Sales Data Moralis

[ ]:
"""
UPDATE PARAMETERS HERE
"""

COLLECTION_NAME = "MutantCats"
CONTRACT = "0xaadba140ae5e4c8a9ef0cc86ea3124b446e3e46a"
CHAIN = "eth"

KEEP_ALL_DATA = False  # set to TRUE to keep the raw JSON on disk
MAX_RESULTS = 100  # max results per request
TIME_DELTA = 1  # time to wait between successful calls
TIME_DELTA_2 = 5  # time to wait after API throttling message


"""
NOTES:
    For batch sales there are occasions where the price in the json is not correct
    ex:
        - INCORRECT - https://etherscan.io/tx/0xbdf6db00bc00a3d6fffcba46b6f6d254c3f2047e9e1019109b2a7308e7d0507d
            - Sale of 10 NFT's for a total of 1.8 ETH. Price returned is 1.8 ETH
        - CORRECT - https://etherscan.io/tx/0x0664d2f9d226d69d2fa53d14eec112ad7b1c1862e9265eca1a5d35c61b9d7fe9
            - Sale of 3 NFT's for a total of 2.089 ETH. Price returned is 0.69 ETH
"""
[ ]:
"""
@date: 24/02/2022
"""

from honestnft_utils import config


def get_sale_data(COLLECTION_NAME: str, CONTRACT: str, CHAIN: str, FOLDER: str) -> None:
    import os
    import requests
    import json
    import time
    from pandas import json_normalize

    if not os.path.exists(FOLDER):
        os.mkdir(FOLDER)

    headers = {"Content-type": "application/json", "x-api-key": config.MORALIS_API_KEY}

    print(f"Getting sales data for {COLLECTION_NAME}")

    more_results = True
    page = 1
    start_time = time.time()
    all_data = list()  # empty list to store data as it comes
    cursor = ""

    while more_results:
        if cursor == "":
            url = "https://deep-index.moralis.io/api/v2/nft/{}/trades?chain={}&marketplace=opensea&limit={}".format(
                CONTRACT, CHAIN, MAX_RESULTS
            )
        else:
            url = "https://deep-index.moralis.io/api/v2/nft/{}/trades?chain={}&marketplace=opensea&limit={}&cursor={}".format(
                CONTRACT, CHAIN, MAX_RESULTS, cursor
            )

        print(f"getting page {page} ...")

        response = requests.get(url, headers=headers)
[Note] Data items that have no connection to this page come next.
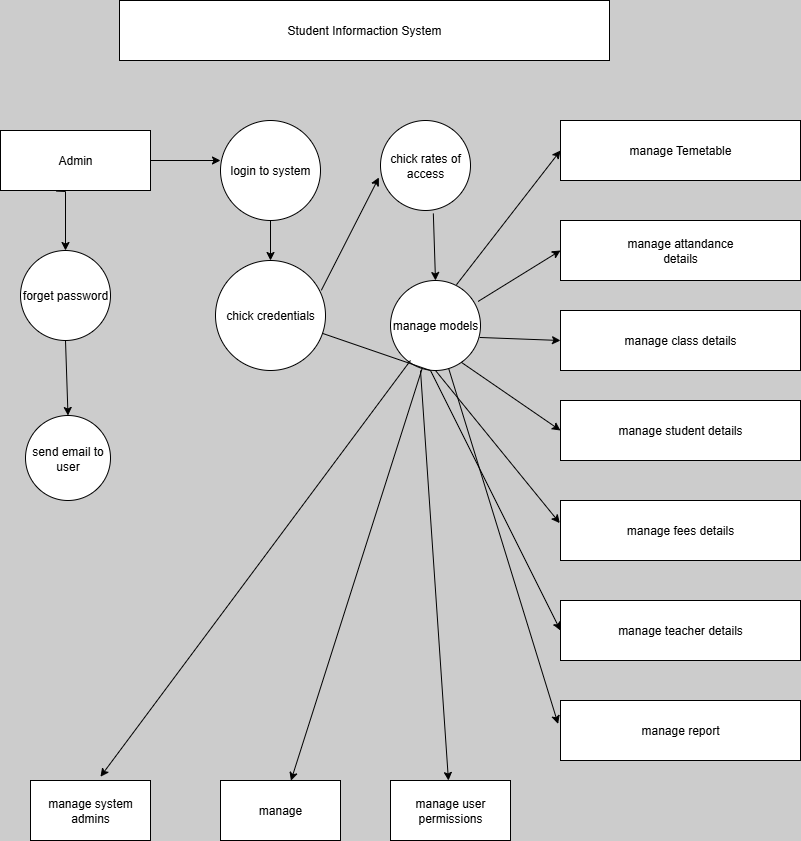

The diagram above was exported from draw.io. Its source (the exported page's mxGraphModel, read from the mxfile embedded in the PNG):
<mxGraphModel dx="1603" dy="865" grid="1" gridSize="10" guides="1" tooltips="1" connect="1" arrows="1" fold="1" page="1" pageScale="1" pageWidth="827" pageHeight="1169" background="light-dark(#CCCCCC,#121212)" math="0" shadow="0">
  <root>
    <mxCell id="0" />
    <mxCell id="1" parent="0" />
    <mxCell id="IjfftdBHo92nDBWDj9pk-1" value="Student Informaction System" style="rounded=0;whiteSpace=wrap;html=1;" parent="1" vertex="1">
      <mxGeometry x="169" y="60" width="490" height="60" as="geometry" />
    </mxCell>
    <mxCell id="IjfftdBHo92nDBWDj9pk-4" value="Admin" style="rounded=0;whiteSpace=wrap;html=1;" parent="1" vertex="1">
      <mxGeometry x="50" y="190" width="150" height="60" as="geometry" />
    </mxCell>
    <mxCell id="IjfftdBHo92nDBWDj9pk-5" value="login to system" style="ellipse;whiteSpace=wrap;html=1;aspect=fixed;" parent="1" vertex="1">
      <mxGeometry x="270" y="180" width="100" height="100" as="geometry" />
    </mxCell>
    <mxCell id="IjfftdBHo92nDBWDj9pk-6" value="chick rates of access" style="ellipse;whiteSpace=wrap;html=1;aspect=fixed;" parent="1" vertex="1">
      <mxGeometry x="430" y="180" width="90" height="90" as="geometry" />
    </mxCell>
    <mxCell id="IjfftdBHo92nDBWDj9pk-10" value="manage fees details" style="rounded=0;whiteSpace=wrap;html=1;" parent="1" vertex="1">
      <mxGeometry x="610" y="560" width="240" height="60" as="geometry" />
    </mxCell>
    <mxCell id="IjfftdBHo92nDBWDj9pk-11" value="manage student details" style="rounded=0;whiteSpace=wrap;html=1;" parent="1" vertex="1">
      <mxGeometry x="610" y="460" width="240" height="60" as="geometry" />
    </mxCell>
    <mxCell id="IjfftdBHo92nDBWDj9pk-12" value="manage class details" style="rounded=0;whiteSpace=wrap;html=1;" parent="1" vertex="1">
      <mxGeometry x="610" y="370" width="240" height="60" as="geometry" />
    </mxCell>
    <mxCell id="IjfftdBHo92nDBWDj9pk-13" value="manage attandance&lt;div&gt;details&lt;/div&gt;" style="rounded=0;whiteSpace=wrap;html=1;" parent="1" vertex="1">
      <mxGeometry x="610" y="280" width="240" height="60" as="geometry" />
    </mxCell>
    <mxCell id="IjfftdBHo92nDBWDj9pk-14" value="manage Temetable" style="rounded=0;whiteSpace=wrap;html=1;" parent="1" vertex="1">
      <mxGeometry x="610" y="180" width="240" height="60" as="geometry" />
    </mxCell>
    <mxCell id="IjfftdBHo92nDBWDj9pk-16" value="manage report" style="rounded=0;whiteSpace=wrap;html=1;" parent="1" vertex="1">
      <mxGeometry x="610" y="760" width="240" height="60" as="geometry" />
    </mxCell>
    <mxCell id="IjfftdBHo92nDBWDj9pk-17" value="manage teacher details" style="rounded=0;whiteSpace=wrap;html=1;" parent="1" vertex="1">
      <mxGeometry x="610" y="660" width="240" height="60" as="geometry" />
    </mxCell>
    <mxCell id="IjfftdBHo92nDBWDj9pk-18" value="forget password" style="ellipse;whiteSpace=wrap;html=1;aspect=fixed;" parent="1" vertex="1">
      <mxGeometry x="70" y="310" width="90" height="90" as="geometry" />
    </mxCell>
    <mxCell id="IjfftdBHo92nDBWDj9pk-19" value="chick credentials" style="ellipse;whiteSpace=wrap;html=1;aspect=fixed;" parent="1" vertex="1">
      <mxGeometry x="265" y="320" width="110" height="110" as="geometry" />
    </mxCell>
    <mxCell id="IjfftdBHo92nDBWDj9pk-20" value="manage models" style="ellipse;whiteSpace=wrap;html=1;aspect=fixed;" parent="1" vertex="1">
      <mxGeometry x="440" y="340" width="90" height="90" as="geometry" />
    </mxCell>
    <mxCell id="IjfftdBHo92nDBWDj9pk-21" value="send email to user" style="ellipse;whiteSpace=wrap;html=1;aspect=fixed;" parent="1" vertex="1">
      <mxGeometry x="75" y="475" width="85" height="85" as="geometry" />
    </mxCell>
    <mxCell id="IjfftdBHo92nDBWDj9pk-24" value="manage user permissions" style="rounded=0;whiteSpace=wrap;html=1;" parent="1" vertex="1">
      <mxGeometry x="440" y="840" width="120" height="60" as="geometry" />
    </mxCell>
    <mxCell id="IjfftdBHo92nDBWDj9pk-25" value="manage" style="rounded=0;whiteSpace=wrap;html=1;" parent="1" vertex="1">
      <mxGeometry x="270" y="840" width="120" height="60" as="geometry" />
    </mxCell>
    <mxCell id="IjfftdBHo92nDBWDj9pk-26" value="manage system&lt;div&gt;admins&lt;/div&gt;" style="rounded=0;whiteSpace=wrap;html=1;" parent="1" vertex="1">
      <mxGeometry x="80" y="840" width="120" height="60" as="geometry" />
    </mxCell>
    <mxCell id="IjfftdBHo92nDBWDj9pk-28" value="" style="endArrow=classic;html=1;rounded=0;entryX=-0.003;entryY=0.377;entryDx=0;entryDy=0;entryPerimeter=0;exitX=0.5;exitY=1;exitDx=0;exitDy=0;" parent="1" source="IjfftdBHo92nDBWDj9pk-20" target="IjfftdBHo92nDBWDj9pk-10" edge="1">
      <mxGeometry width="50" height="50" relative="1" as="geometry">
        <mxPoint x="390" y="500" as="sourcePoint" />
        <mxPoint x="440" y="450" as="targetPoint" />
      </mxGeometry>
    </mxCell>
    <mxCell id="IjfftdBHo92nDBWDj9pk-29" value="" style="endArrow=classic;html=1;rounded=0;exitX=0.787;exitY=0.909;exitDx=0;exitDy=0;exitPerimeter=0;entryX=0;entryY=0.5;entryDx=0;entryDy=0;" parent="1" source="IjfftdBHo92nDBWDj9pk-20" target="IjfftdBHo92nDBWDj9pk-11" edge="1">
      <mxGeometry width="50" height="50" relative="1" as="geometry">
        <mxPoint x="520" y="525" as="sourcePoint" />
        <mxPoint x="570" y="475" as="targetPoint" />
      </mxGeometry>
    </mxCell>
    <mxCell id="IjfftdBHo92nDBWDj9pk-30" value="" style="endArrow=classic;html=1;rounded=0;exitX=0.991;exitY=0.633;exitDx=0;exitDy=0;exitPerimeter=0;" parent="1" source="IjfftdBHo92nDBWDj9pk-20" edge="1">
      <mxGeometry width="50" height="50" relative="1" as="geometry">
        <mxPoint x="560" y="450" as="sourcePoint" />
        <mxPoint x="610" y="400" as="targetPoint" />
      </mxGeometry>
    </mxCell>
    <mxCell id="IjfftdBHo92nDBWDj9pk-31" value="" style="endArrow=classic;html=1;rounded=0;entryX=0;entryY=0.5;entryDx=0;entryDy=0;exitX=0.973;exitY=0.233;exitDx=0;exitDy=0;exitPerimeter=0;" parent="1" source="IjfftdBHo92nDBWDj9pk-20" target="IjfftdBHo92nDBWDj9pk-13" edge="1">
      <mxGeometry width="50" height="50" relative="1" as="geometry">
        <mxPoint x="390" y="500" as="sourcePoint" />
        <mxPoint x="440" y="450" as="targetPoint" />
      </mxGeometry>
    </mxCell>
    <mxCell id="IjfftdBHo92nDBWDj9pk-32" value="" style="endArrow=classic;html=1;rounded=0;entryX=0;entryY=0.5;entryDx=0;entryDy=0;exitX=0.733;exitY=0.047;exitDx=0;exitDy=0;exitPerimeter=0;" parent="1" source="IjfftdBHo92nDBWDj9pk-20" target="IjfftdBHo92nDBWDj9pk-14" edge="1">
      <mxGeometry width="50" height="50" relative="1" as="geometry">
        <mxPoint x="390" y="500" as="sourcePoint" />
        <mxPoint x="440" y="450" as="targetPoint" />
      </mxGeometry>
    </mxCell>
    <mxCell id="IjfftdBHo92nDBWDj9pk-33" value="" style="endArrow=classic;html=1;rounded=0;exitX=0.962;exitY=0.271;exitDx=0;exitDy=0;exitPerimeter=0;entryX=-0.018;entryY=0.633;entryDx=0;entryDy=0;entryPerimeter=0;" parent="1" source="IjfftdBHo92nDBWDj9pk-19" target="IjfftdBHo92nDBWDj9pk-6" edge="1">
      <mxGeometry width="50" height="50" relative="1" as="geometry">
        <mxPoint x="390" y="500" as="sourcePoint" />
        <mxPoint x="440" y="450" as="targetPoint" />
      </mxGeometry>
    </mxCell>
    <mxCell id="IjfftdBHo92nDBWDj9pk-34" value="" style="endArrow=classic;html=1;rounded=0;entryX=0.5;entryY=0;entryDx=0;entryDy=0;exitX=0.587;exitY=1.033;exitDx=0;exitDy=0;exitPerimeter=0;" parent="1" source="IjfftdBHo92nDBWDj9pk-6" target="IjfftdBHo92nDBWDj9pk-20" edge="1">
      <mxGeometry width="50" height="50" relative="1" as="geometry">
        <mxPoint x="390" y="380" as="sourcePoint" />
        <mxPoint x="440" y="330" as="targetPoint" />
      </mxGeometry>
    </mxCell>
    <mxCell id="IjfftdBHo92nDBWDj9pk-35" value="" style="endArrow=classic;html=1;rounded=0;exitX=0.5;exitY=1;exitDx=0;exitDy=0;entryX=0.5;entryY=0;entryDx=0;entryDy=0;" parent="1" source="IjfftdBHo92nDBWDj9pk-18" target="IjfftdBHo92nDBWDj9pk-21" edge="1">
      <mxGeometry width="50" height="50" relative="1" as="geometry">
        <mxPoint x="210" y="450" as="sourcePoint" />
        <mxPoint x="260" y="400" as="targetPoint" />
      </mxGeometry>
    </mxCell>
    <mxCell id="IjfftdBHo92nDBWDj9pk-36" value="" style="endArrow=classic;html=1;rounded=0;exitX=0.373;exitY=1.01;exitDx=0;exitDy=0;exitPerimeter=0;entryX=0.5;entryY=0;entryDx=0;entryDy=0;" parent="1" source="IjfftdBHo92nDBWDj9pk-4" target="IjfftdBHo92nDBWDj9pk-18" edge="1">
      <mxGeometry width="50" height="50" relative="1" as="geometry">
        <mxPoint x="215" y="335" as="sourcePoint" />
        <mxPoint x="120" y="300" as="targetPoint" />
        <Array as="points">
          <mxPoint x="115" y="251" />
        </Array>
      </mxGeometry>
    </mxCell>
    <mxCell id="IjfftdBHo92nDBWDj9pk-37" value="" style="endArrow=classic;html=1;rounded=0;exitX=0.5;exitY=1;exitDx=0;exitDy=0;entryX=0.5;entryY=0;entryDx=0;entryDy=0;" parent="1" source="IjfftdBHo92nDBWDj9pk-5" target="IjfftdBHo92nDBWDj9pk-19" edge="1">
      <mxGeometry width="50" height="50" relative="1" as="geometry">
        <mxPoint x="364" y="350" as="sourcePoint" />
        <mxPoint x="440" y="300" as="targetPoint" />
      </mxGeometry>
    </mxCell>
    <mxCell id="IjfftdBHo92nDBWDj9pk-38" value="" style="endArrow=classic;html=1;rounded=0;exitX=1;exitY=0.5;exitDx=0;exitDy=0;entryX=0;entryY=0.4;entryDx=0;entryDy=0;entryPerimeter=0;" parent="1" source="IjfftdBHo92nDBWDj9pk-4" target="IjfftdBHo92nDBWDj9pk-5" edge="1">
      <mxGeometry width="50" height="50" relative="1" as="geometry">
        <mxPoint x="390" y="500" as="sourcePoint" />
        <mxPoint x="440" y="450" as="targetPoint" />
      </mxGeometry>
    </mxCell>
    <mxCell id="IjfftdBHo92nDBWDj9pk-42" value="" style="endArrow=classic;html=1;rounded=0;entryX=0;entryY=0.5;entryDx=0;entryDy=0;" parent="1" source="IjfftdBHo92nDBWDj9pk-19" target="IjfftdBHo92nDBWDj9pk-17" edge="1">
      <mxGeometry width="50" height="50" relative="1" as="geometry">
        <mxPoint x="290" y="570" as="sourcePoint" />
        <mxPoint x="340" y="520" as="targetPoint" />
        <Array as="points">
          <mxPoint x="480" y="430" />
        </Array>
      </mxGeometry>
    </mxCell>
    <mxCell id="IjfftdBHo92nDBWDj9pk-46" value="" style="endArrow=classic;html=1;rounded=0;entryX=-0.01;entryY=0.39;entryDx=0;entryDy=0;entryPerimeter=0;" parent="1" source="IjfftdBHo92nDBWDj9pk-20" target="IjfftdBHo92nDBWDj9pk-16" edge="1">
      <mxGeometry width="50" height="50" relative="1" as="geometry">
        <mxPoint x="480" y="610" as="sourcePoint" />
        <mxPoint x="530" y="560" as="targetPoint" />
      </mxGeometry>
    </mxCell>
    <mxCell id="KXrdhtAJhyT0ttPMVr92-2" value="" style="endArrow=classic;html=1;rounded=0;" edge="1" parent="1" target="IjfftdBHo92nDBWDj9pk-24">
      <mxGeometry width="50" height="50" relative="1" as="geometry">
        <mxPoint x="470" y="430" as="sourcePoint" />
        <mxPoint x="560" y="510" as="targetPoint" />
      </mxGeometry>
    </mxCell>
    <mxCell id="KXrdhtAJhyT0ttPMVr92-3" value="" style="endArrow=classic;html=1;rounded=0;entryX=0.583;entryY=-0.063;entryDx=0;entryDy=0;entryPerimeter=0;" edge="1" parent="1" target="IjfftdBHo92nDBWDj9pk-26">
      <mxGeometry width="50" height="50" relative="1" as="geometry">
        <mxPoint x="460" y="420" as="sourcePoint" />
        <mxPoint x="560" y="670" as="targetPoint" />
      </mxGeometry>
    </mxCell>
    <mxCell id="KXrdhtAJhyT0ttPMVr92-4" value="" style="endArrow=classic;html=1;rounded=0;exitX=0.351;exitY=0.98;exitDx=0;exitDy=0;exitPerimeter=0;entryX=0.587;entryY=0.003;entryDx=0;entryDy=0;entryPerimeter=0;" edge="1" parent="1" source="IjfftdBHo92nDBWDj9pk-20" target="IjfftdBHo92nDBWDj9pk-25">
      <mxGeometry width="50" height="50" relative="1" as="geometry">
        <mxPoint x="510" y="720" as="sourcePoint" />
        <mxPoint x="560" y="670" as="targetPoint" />
      </mxGeometry>
    </mxCell>
  </root>
</mxGraphModel>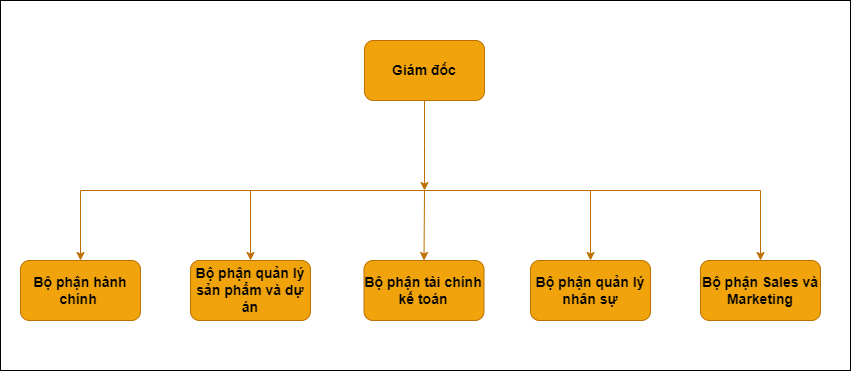

The diagram above was exported from draw.io. Its source (the exported page's mxGraphModel, read from the mxfile embedded in the PNG):
<mxGraphModel dx="1393" dy="785" grid="1" gridSize="10" guides="1" tooltips="1" connect="1" arrows="1" fold="1" page="1" pageScale="1" pageWidth="827" pageHeight="1169" math="0" shadow="0">
  <root>
    <mxCell id="0" />
    <mxCell id="1" parent="0" />
    <mxCell id="43rFg3pME4IBhiEt1mkw-16" value="" style="rounded=0;whiteSpace=wrap;html=1;" vertex="1" parent="1">
      <mxGeometry x="50" y="350" width="850" height="370" as="geometry" />
    </mxCell>
    <mxCell id="43rFg3pME4IBhiEt1mkw-9" style="edgeStyle=orthogonalEdgeStyle;rounded=0;orthogonalLoop=1;jettySize=auto;html=1;fillColor=#f0a30a;strokeColor=#BD7000;" edge="1" parent="1" source="43rFg3pME4IBhiEt1mkw-1">
      <mxGeometry relative="1" as="geometry">
        <mxPoint x="474" y="540" as="targetPoint" />
      </mxGeometry>
    </mxCell>
    <mxCell id="43rFg3pME4IBhiEt1mkw-1" value="Giám đốc" style="rounded=1;whiteSpace=wrap;html=1;fontStyle=1;fontSize=14;fillColor=#f0a30a;fontColor=#000000;strokeColor=#BD7000;" vertex="1" parent="1">
      <mxGeometry x="414" y="390" width="120" height="60" as="geometry" />
    </mxCell>
    <mxCell id="43rFg3pME4IBhiEt1mkw-2" value="Bộ phận hành chính&amp;nbsp;" style="rounded=1;whiteSpace=wrap;html=1;fontStyle=1;fontSize=14;fillColor=#f0a30a;fontColor=#000000;strokeColor=#BD7000;" vertex="1" parent="1">
      <mxGeometry x="70" y="610" width="120" height="60" as="geometry" />
    </mxCell>
    <mxCell id="43rFg3pME4IBhiEt1mkw-3" value="Bộ phận quản lý sản phẩm và dự án" style="rounded=1;whiteSpace=wrap;html=1;fontStyle=1;fontSize=14;fillColor=#f0a30a;fontColor=#000000;strokeColor=#BD7000;" vertex="1" parent="1">
      <mxGeometry x="240" y="610" width="120" height="60" as="geometry" />
    </mxCell>
    <mxCell id="43rFg3pME4IBhiEt1mkw-4" value="Bộ phận tài chính kế toán" style="rounded=1;whiteSpace=wrap;html=1;fontStyle=1;fontSize=14;fillColor=#f0a30a;fontColor=#000000;strokeColor=#BD7000;" vertex="1" parent="1">
      <mxGeometry x="413.5" y="610" width="120" height="60" as="geometry" />
    </mxCell>
    <mxCell id="43rFg3pME4IBhiEt1mkw-5" value="Bộ phận quản lý nhân sự" style="rounded=1;whiteSpace=wrap;html=1;fontStyle=1;fontSize=14;fillColor=#f0a30a;fontColor=#000000;strokeColor=#BD7000;" vertex="1" parent="1">
      <mxGeometry x="580" y="610" width="120" height="60" as="geometry" />
    </mxCell>
    <mxCell id="43rFg3pME4IBhiEt1mkw-6" value="Bộ phận Sales và Marketing" style="rounded=1;whiteSpace=wrap;html=1;fontStyle=1;fontSize=14;fillColor=#f0a30a;fontColor=#000000;strokeColor=#BD7000;" vertex="1" parent="1">
      <mxGeometry x="750" y="610" width="120" height="60" as="geometry" />
    </mxCell>
    <mxCell id="43rFg3pME4IBhiEt1mkw-7" value="" style="endArrow=none;html=1;rounded=0;fillColor=#f0a30a;strokeColor=#BD7000;" edge="1" parent="1">
      <mxGeometry width="50" height="50" relative="1" as="geometry">
        <mxPoint x="130" y="540" as="sourcePoint" />
        <mxPoint x="810" y="540" as="targetPoint" />
      </mxGeometry>
    </mxCell>
    <mxCell id="43rFg3pME4IBhiEt1mkw-10" value="" style="endArrow=classic;html=1;rounded=0;entryX=0.5;entryY=0;entryDx=0;entryDy=0;fillColor=#f0a30a;strokeColor=#BD7000;" edge="1" parent="1" target="43rFg3pME4IBhiEt1mkw-4">
      <mxGeometry width="50" height="50" relative="1" as="geometry">
        <mxPoint x="474" y="540" as="sourcePoint" />
        <mxPoint x="520" y="550" as="targetPoint" />
      </mxGeometry>
    </mxCell>
    <mxCell id="43rFg3pME4IBhiEt1mkw-11" value="" style="endArrow=classic;html=1;rounded=0;entryX=0.5;entryY=0;entryDx=0;entryDy=0;fillColor=#f0a30a;strokeColor=#BD7000;" edge="1" parent="1" target="43rFg3pME4IBhiEt1mkw-3">
      <mxGeometry width="50" height="50" relative="1" as="geometry">
        <mxPoint x="300" y="540" as="sourcePoint" />
        <mxPoint x="340" y="540" as="targetPoint" />
      </mxGeometry>
    </mxCell>
    <mxCell id="43rFg3pME4IBhiEt1mkw-12" value="" style="endArrow=classic;html=1;rounded=0;entryX=0.5;entryY=0;entryDx=0;entryDy=0;fillColor=#f0a30a;strokeColor=#BD7000;" edge="1" parent="1" target="43rFg3pME4IBhiEt1mkw-2">
      <mxGeometry width="50" height="50" relative="1" as="geometry">
        <mxPoint x="130" y="540" as="sourcePoint" />
        <mxPoint x="180" y="490" as="targetPoint" />
      </mxGeometry>
    </mxCell>
    <mxCell id="43rFg3pME4IBhiEt1mkw-13" value="" style="endArrow=classic;html=1;rounded=0;entryX=0.5;entryY=0;entryDx=0;entryDy=0;fillColor=#f0a30a;strokeColor=#BD7000;" edge="1" parent="1" target="43rFg3pME4IBhiEt1mkw-5">
      <mxGeometry width="50" height="50" relative="1" as="geometry">
        <mxPoint x="640" y="540" as="sourcePoint" />
        <mxPoint x="690" y="490" as="targetPoint" />
      </mxGeometry>
    </mxCell>
    <mxCell id="43rFg3pME4IBhiEt1mkw-14" value="" style="endArrow=classic;html=1;rounded=0;entryX=0.5;entryY=0;entryDx=0;entryDy=0;fillColor=#f0a30a;strokeColor=#BD7000;" edge="1" parent="1" target="43rFg3pME4IBhiEt1mkw-6">
      <mxGeometry width="50" height="50" relative="1" as="geometry">
        <mxPoint x="810" y="540" as="sourcePoint" />
        <mxPoint x="860" y="490" as="targetPoint" />
      </mxGeometry>
    </mxCell>
  </root>
</mxGraphModel>

        if response.status_code == 200:
            cursor = response.json()["cursor"]
            print(
                "Successfully received page {} of {}".format(
                    page + 1, int(1 + response.json()["total"] / MAX_RESULTS)
                )
            )

            # add new data to existing list
            all_data.extend(response.json()["result"])

            page += 1

            # if results in this response is less than MAX_RESULTS then it's the last page
            if len(response.json()["result"]) < MAX_RESULTS:
                more_results = False
            else:
                time.sleep(TIME_DELTA)

        elif response.status_code in [429, 503, 520]:
            print(
                f"Got a {response.status_code} response from the server. Waiting {TIME_DELTA_2} seconds and retrying"
            )
            time.sleep(TIME_DELTA_2)

        else:
            print(f"status_code = {response.status_code}")
            print("Received a unexpected error from Moralis API. Closing process.")
            more_results = False

    # Save full json data to one master file
    if KEEP_ALL_DATA:
        folder = f"{FOLDER}/raw_data"
        if not os.path.exists(folder):
            os.mkdir(folder)

        PATH = f"{FOLDER}/raw_data/{COLLECTION_NAME}.json"
        with open(PATH, "w") as destination_file:
            json.dump(all_data, destination_file)

    df = json_normalize(all_data)

    df["length"] = df["token_ids"].apply(lambda x: len(x) > 1)

    # expand transactions with batch sales into multiple columns
    df = df.explode("token_ids")

    # clean 'time' field to make it compatible with the csv produced by 'find_minting_data.ipynb'
    df["block_timestamp"] = df["block_timestamp"].str.replace(".000Z", "", regex=False)

    try:
        # make sure token_id is an integer
        df["token_ids"] = df["token_ids"].astype(int)
    except:
        print(
            "Caught an error in one or more token_ids. Please review the data received"
        )
        # Catches cases where token id is an unusual high number that can't be converted to an integer
        mask = df["token_ids"].str.len() < 20
        df = df.loc[mask]
        df["token_ids"] = df["token_ids"].astype(int)

    # discard unwanted columns
    df = df[
        [
            "transaction_hash",
            "seller_address",
            "buyer_address",
            "token_ids",
            "price",
            "block_timestamp",
        ]
    ]

    # get matching columns names to HonestNFT csv format
    df.columns = [
        "transaction_hash",
        "seller_address",
        "buyer_address",
        "TOKEN_ID",
        "price",
        "saleDate",
    ]

    df.to_csv(f"{FOLDER}/{COLLECTION_NAME}.csv")
    print("--- %s seconds ---" % (round(time.time() - start_time, 1)))
    print("finished")


get_sale_data(COLLECTION_NAME, CONTRACT, CHAIN, config.SALES_DATA_FOLDER)